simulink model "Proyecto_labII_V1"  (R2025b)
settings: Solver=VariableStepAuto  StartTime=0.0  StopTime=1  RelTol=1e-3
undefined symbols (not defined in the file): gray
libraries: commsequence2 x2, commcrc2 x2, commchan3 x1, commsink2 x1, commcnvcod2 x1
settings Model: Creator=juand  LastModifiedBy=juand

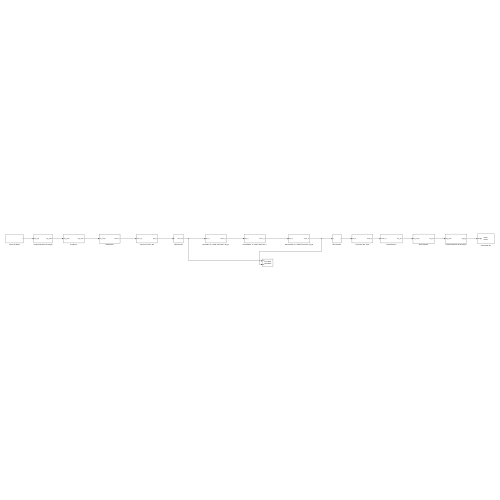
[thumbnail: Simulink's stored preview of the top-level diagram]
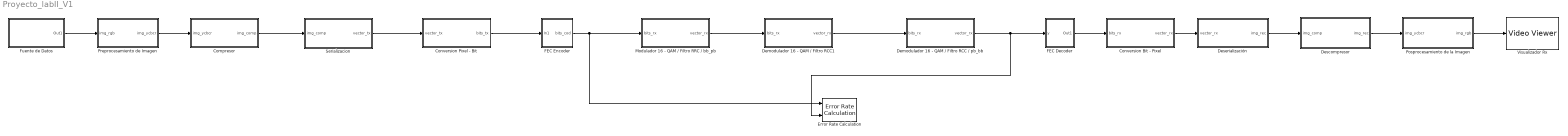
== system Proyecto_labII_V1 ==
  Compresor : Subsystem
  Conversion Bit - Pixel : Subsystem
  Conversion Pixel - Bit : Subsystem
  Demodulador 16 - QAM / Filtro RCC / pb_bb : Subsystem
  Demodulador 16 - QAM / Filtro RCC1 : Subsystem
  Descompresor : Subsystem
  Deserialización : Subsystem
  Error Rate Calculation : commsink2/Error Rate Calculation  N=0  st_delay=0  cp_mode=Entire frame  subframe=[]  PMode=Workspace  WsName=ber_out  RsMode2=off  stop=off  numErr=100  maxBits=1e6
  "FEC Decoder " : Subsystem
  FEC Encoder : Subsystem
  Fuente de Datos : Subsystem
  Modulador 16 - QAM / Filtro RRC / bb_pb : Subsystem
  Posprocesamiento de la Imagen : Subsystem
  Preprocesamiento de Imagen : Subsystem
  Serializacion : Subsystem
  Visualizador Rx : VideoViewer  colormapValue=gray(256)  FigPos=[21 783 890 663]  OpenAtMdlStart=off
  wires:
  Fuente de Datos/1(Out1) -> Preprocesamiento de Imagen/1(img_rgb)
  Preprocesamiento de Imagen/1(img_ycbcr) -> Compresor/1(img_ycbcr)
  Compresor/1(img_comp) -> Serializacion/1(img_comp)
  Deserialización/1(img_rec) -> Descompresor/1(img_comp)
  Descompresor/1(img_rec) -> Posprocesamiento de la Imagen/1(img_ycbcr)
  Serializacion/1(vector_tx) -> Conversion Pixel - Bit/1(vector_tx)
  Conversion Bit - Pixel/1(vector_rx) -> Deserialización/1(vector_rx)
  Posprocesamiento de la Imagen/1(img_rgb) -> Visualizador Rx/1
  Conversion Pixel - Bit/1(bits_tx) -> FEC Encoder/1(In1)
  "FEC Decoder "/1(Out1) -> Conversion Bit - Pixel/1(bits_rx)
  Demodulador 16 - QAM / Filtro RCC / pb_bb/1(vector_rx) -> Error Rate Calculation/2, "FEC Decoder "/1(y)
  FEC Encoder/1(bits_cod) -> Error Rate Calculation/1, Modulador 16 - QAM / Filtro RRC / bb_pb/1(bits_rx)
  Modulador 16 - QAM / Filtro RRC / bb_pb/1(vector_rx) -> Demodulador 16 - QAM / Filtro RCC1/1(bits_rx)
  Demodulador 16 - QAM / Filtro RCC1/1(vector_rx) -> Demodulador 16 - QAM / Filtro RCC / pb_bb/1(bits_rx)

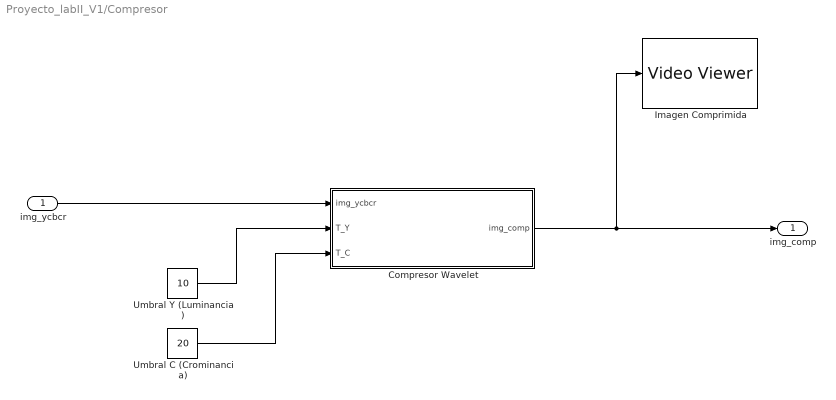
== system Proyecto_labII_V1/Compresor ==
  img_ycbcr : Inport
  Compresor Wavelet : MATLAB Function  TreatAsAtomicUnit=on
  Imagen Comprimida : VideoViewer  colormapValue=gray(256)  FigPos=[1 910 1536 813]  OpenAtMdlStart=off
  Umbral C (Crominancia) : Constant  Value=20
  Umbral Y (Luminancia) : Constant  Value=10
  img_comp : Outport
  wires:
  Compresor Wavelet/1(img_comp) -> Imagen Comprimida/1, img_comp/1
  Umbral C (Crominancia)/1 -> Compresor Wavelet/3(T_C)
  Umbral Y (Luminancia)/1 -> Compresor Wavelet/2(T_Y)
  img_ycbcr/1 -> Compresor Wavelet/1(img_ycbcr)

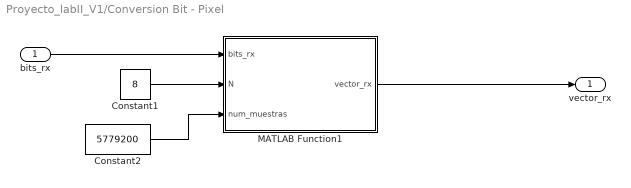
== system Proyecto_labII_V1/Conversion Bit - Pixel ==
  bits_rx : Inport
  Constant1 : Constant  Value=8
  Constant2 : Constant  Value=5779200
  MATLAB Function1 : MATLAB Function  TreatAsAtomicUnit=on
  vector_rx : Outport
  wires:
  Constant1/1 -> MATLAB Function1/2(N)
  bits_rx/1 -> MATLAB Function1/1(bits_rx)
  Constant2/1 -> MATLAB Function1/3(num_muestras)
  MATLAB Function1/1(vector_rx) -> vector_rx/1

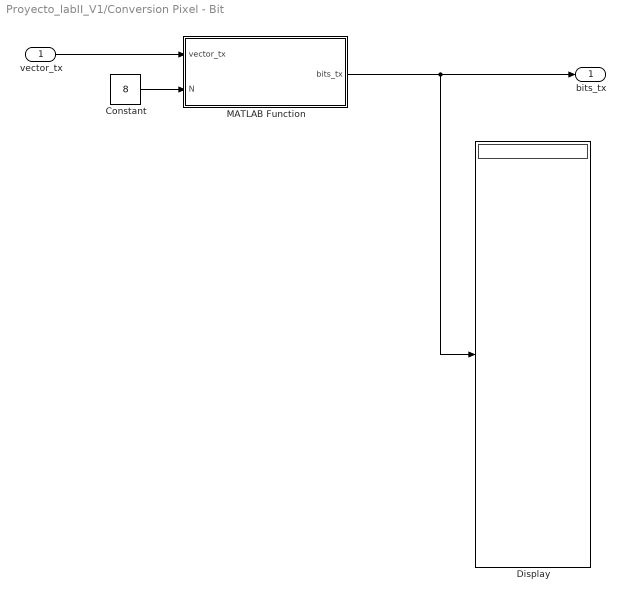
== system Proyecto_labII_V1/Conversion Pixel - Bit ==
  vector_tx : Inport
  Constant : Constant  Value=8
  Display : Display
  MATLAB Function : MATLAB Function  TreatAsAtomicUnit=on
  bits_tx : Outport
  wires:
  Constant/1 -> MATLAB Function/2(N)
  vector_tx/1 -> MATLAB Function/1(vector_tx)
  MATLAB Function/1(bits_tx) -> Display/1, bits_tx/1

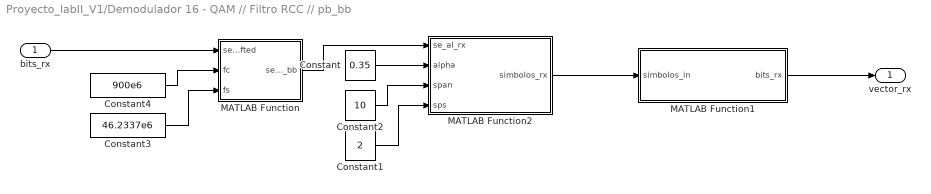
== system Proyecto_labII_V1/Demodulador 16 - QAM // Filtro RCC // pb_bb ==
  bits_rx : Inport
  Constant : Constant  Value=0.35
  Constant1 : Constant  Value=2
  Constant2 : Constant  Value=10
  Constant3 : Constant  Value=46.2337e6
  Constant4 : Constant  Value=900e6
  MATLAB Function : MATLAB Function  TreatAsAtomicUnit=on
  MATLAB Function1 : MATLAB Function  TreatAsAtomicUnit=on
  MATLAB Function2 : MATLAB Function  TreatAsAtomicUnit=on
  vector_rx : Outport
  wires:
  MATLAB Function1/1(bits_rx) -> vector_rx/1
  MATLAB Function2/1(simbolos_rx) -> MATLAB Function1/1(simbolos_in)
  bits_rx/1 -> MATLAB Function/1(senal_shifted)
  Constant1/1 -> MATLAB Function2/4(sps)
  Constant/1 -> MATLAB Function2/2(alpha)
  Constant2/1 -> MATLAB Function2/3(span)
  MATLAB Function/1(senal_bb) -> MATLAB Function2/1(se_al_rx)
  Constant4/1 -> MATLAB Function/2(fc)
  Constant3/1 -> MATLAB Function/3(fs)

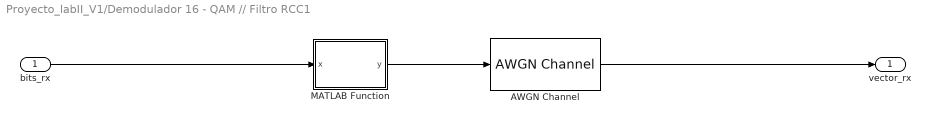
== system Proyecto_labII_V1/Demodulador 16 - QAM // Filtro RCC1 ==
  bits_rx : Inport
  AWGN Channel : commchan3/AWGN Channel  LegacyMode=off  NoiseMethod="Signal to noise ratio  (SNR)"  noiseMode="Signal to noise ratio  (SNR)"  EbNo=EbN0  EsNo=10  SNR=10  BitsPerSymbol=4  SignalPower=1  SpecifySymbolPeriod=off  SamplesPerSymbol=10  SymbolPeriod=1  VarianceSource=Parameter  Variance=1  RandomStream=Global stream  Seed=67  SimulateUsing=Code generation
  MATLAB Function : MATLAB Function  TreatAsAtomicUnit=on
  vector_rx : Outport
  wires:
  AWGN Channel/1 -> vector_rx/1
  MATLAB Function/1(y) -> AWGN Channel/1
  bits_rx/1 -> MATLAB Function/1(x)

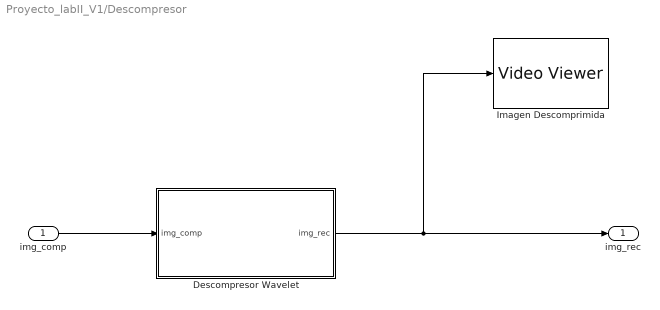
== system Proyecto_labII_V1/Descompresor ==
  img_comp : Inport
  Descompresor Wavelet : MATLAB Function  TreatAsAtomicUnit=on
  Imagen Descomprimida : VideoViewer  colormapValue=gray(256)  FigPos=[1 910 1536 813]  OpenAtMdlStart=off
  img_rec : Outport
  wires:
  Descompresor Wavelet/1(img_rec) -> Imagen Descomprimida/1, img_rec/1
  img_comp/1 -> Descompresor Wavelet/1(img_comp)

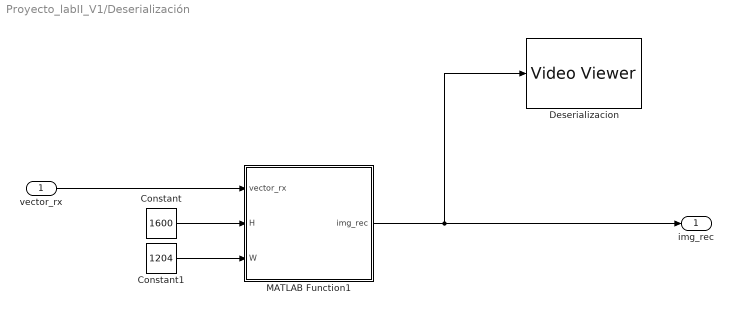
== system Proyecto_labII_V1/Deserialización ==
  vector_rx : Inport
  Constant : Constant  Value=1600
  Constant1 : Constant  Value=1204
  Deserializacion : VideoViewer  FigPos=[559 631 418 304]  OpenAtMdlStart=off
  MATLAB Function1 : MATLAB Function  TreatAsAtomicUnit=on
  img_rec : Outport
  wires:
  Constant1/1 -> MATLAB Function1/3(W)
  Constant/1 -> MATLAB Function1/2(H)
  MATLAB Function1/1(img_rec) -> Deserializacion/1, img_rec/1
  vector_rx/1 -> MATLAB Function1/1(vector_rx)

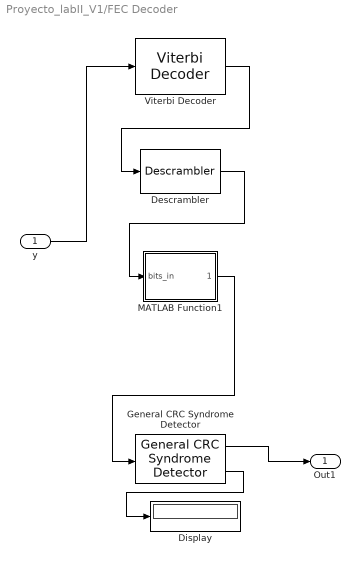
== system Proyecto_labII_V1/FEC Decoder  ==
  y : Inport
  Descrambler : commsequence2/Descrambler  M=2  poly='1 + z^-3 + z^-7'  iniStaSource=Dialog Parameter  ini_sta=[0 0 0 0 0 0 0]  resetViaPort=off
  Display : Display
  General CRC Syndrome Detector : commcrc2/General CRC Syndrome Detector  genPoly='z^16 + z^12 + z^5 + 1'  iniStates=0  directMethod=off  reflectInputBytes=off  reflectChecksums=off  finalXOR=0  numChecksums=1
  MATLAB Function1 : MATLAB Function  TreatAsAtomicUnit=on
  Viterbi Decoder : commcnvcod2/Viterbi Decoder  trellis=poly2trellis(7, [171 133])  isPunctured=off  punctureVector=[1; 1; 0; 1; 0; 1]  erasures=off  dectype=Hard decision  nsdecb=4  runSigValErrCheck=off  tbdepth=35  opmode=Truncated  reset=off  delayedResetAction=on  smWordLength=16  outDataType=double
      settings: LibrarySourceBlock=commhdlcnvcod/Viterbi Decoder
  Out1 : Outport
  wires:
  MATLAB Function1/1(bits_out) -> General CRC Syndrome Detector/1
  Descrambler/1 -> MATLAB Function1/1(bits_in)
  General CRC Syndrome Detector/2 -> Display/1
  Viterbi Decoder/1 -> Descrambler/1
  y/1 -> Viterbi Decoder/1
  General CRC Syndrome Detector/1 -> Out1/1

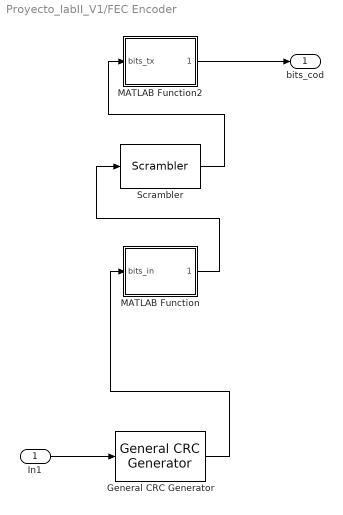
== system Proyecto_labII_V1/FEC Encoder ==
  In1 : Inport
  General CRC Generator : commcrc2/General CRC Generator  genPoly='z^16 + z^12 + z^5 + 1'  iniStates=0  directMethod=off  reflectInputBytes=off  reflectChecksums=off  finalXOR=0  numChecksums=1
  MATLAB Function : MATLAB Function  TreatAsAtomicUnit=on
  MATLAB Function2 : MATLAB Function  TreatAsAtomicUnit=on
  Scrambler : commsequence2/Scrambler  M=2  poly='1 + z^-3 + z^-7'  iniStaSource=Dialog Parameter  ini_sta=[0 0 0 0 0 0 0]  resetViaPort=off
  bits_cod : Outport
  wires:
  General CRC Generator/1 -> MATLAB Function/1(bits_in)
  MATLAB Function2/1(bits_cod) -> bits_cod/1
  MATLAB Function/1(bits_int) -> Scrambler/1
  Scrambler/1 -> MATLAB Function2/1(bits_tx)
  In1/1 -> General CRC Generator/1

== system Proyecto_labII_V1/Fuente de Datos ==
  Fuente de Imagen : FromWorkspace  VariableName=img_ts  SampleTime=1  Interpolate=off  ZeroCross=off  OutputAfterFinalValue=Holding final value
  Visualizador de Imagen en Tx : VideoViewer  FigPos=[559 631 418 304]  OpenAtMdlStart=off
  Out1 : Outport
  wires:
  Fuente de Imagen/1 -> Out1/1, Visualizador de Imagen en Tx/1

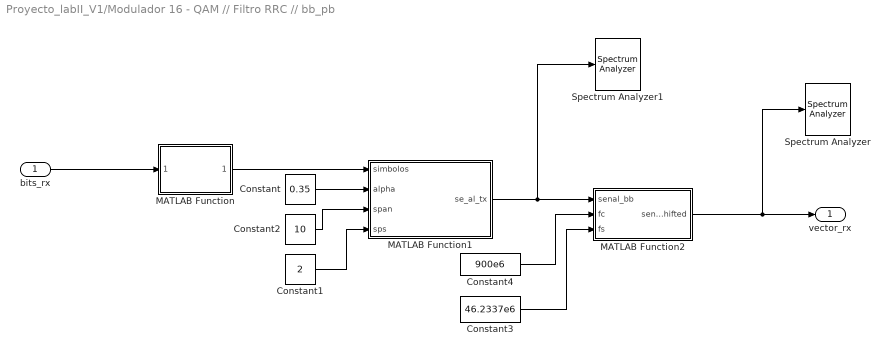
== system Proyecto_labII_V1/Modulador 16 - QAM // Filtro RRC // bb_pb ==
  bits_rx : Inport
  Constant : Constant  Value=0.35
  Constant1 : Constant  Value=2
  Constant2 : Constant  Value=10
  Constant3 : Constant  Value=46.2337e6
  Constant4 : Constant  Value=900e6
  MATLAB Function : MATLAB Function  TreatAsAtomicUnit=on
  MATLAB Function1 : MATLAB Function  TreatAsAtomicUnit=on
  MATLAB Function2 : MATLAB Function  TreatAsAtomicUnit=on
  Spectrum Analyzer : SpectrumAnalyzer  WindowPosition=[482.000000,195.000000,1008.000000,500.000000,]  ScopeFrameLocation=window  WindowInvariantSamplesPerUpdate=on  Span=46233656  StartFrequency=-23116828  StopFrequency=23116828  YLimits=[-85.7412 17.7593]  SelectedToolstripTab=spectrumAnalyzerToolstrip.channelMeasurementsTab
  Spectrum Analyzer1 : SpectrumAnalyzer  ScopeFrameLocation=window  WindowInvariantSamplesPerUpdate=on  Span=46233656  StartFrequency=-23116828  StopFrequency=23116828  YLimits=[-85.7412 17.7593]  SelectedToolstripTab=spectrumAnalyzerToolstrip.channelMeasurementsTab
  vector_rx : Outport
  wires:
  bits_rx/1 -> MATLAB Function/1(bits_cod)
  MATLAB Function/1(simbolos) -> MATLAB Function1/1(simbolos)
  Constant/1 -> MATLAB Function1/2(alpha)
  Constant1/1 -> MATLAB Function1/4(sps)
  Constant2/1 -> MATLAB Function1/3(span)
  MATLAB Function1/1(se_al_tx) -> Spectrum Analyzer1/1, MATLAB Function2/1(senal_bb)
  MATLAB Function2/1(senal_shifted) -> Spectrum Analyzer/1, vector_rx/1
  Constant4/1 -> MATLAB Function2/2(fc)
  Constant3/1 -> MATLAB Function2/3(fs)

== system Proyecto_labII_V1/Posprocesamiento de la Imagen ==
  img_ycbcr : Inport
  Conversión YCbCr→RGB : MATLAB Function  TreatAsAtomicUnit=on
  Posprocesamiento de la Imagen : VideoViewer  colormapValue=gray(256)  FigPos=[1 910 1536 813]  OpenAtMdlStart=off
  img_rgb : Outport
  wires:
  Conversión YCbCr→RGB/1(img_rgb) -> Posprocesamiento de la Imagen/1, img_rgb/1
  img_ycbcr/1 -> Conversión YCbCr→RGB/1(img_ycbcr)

Task to complete> Print only what lies in the material above starting at the line with "bits_rx/1 -> MATLAB Function/1(bits_cod)" and ending at the line with "Conversión YCbCr→RGB : MATLAB", every line exactly as given.

Result for this exercise>
  bits_rx/1 -> MATLAB Function/1(bits_cod)
  MATLAB Function/1(simbolos) -> MATLAB Function1/1(simbolos)
  Constant/1 -> MATLAB Function1/2(alpha)
  Constant1/1 -> MATLAB Function1/4(sps)
  Constant2/1 -> MATLAB Function1/3(span)
  MATLAB Function1/1(se_al_tx) -> Spectrum Analyzer1/1, MATLAB Function2/1(senal_bb)
  MATLAB Function2/1(senal_shifted) -> Spectrum Analyzer/1, vector_rx/1
  Constant4/1 -> MATLAB Function2/2(fc)
  Constant3/1 -> MATLAB Function2/3(fs)

== system Proyecto_labII_V1/Posprocesamiento de la Imagen ==
  img_ycbcr : Inport
  Conversión YCbCr→RGB : MATLAB Function  TreatAsAtomicUnit=on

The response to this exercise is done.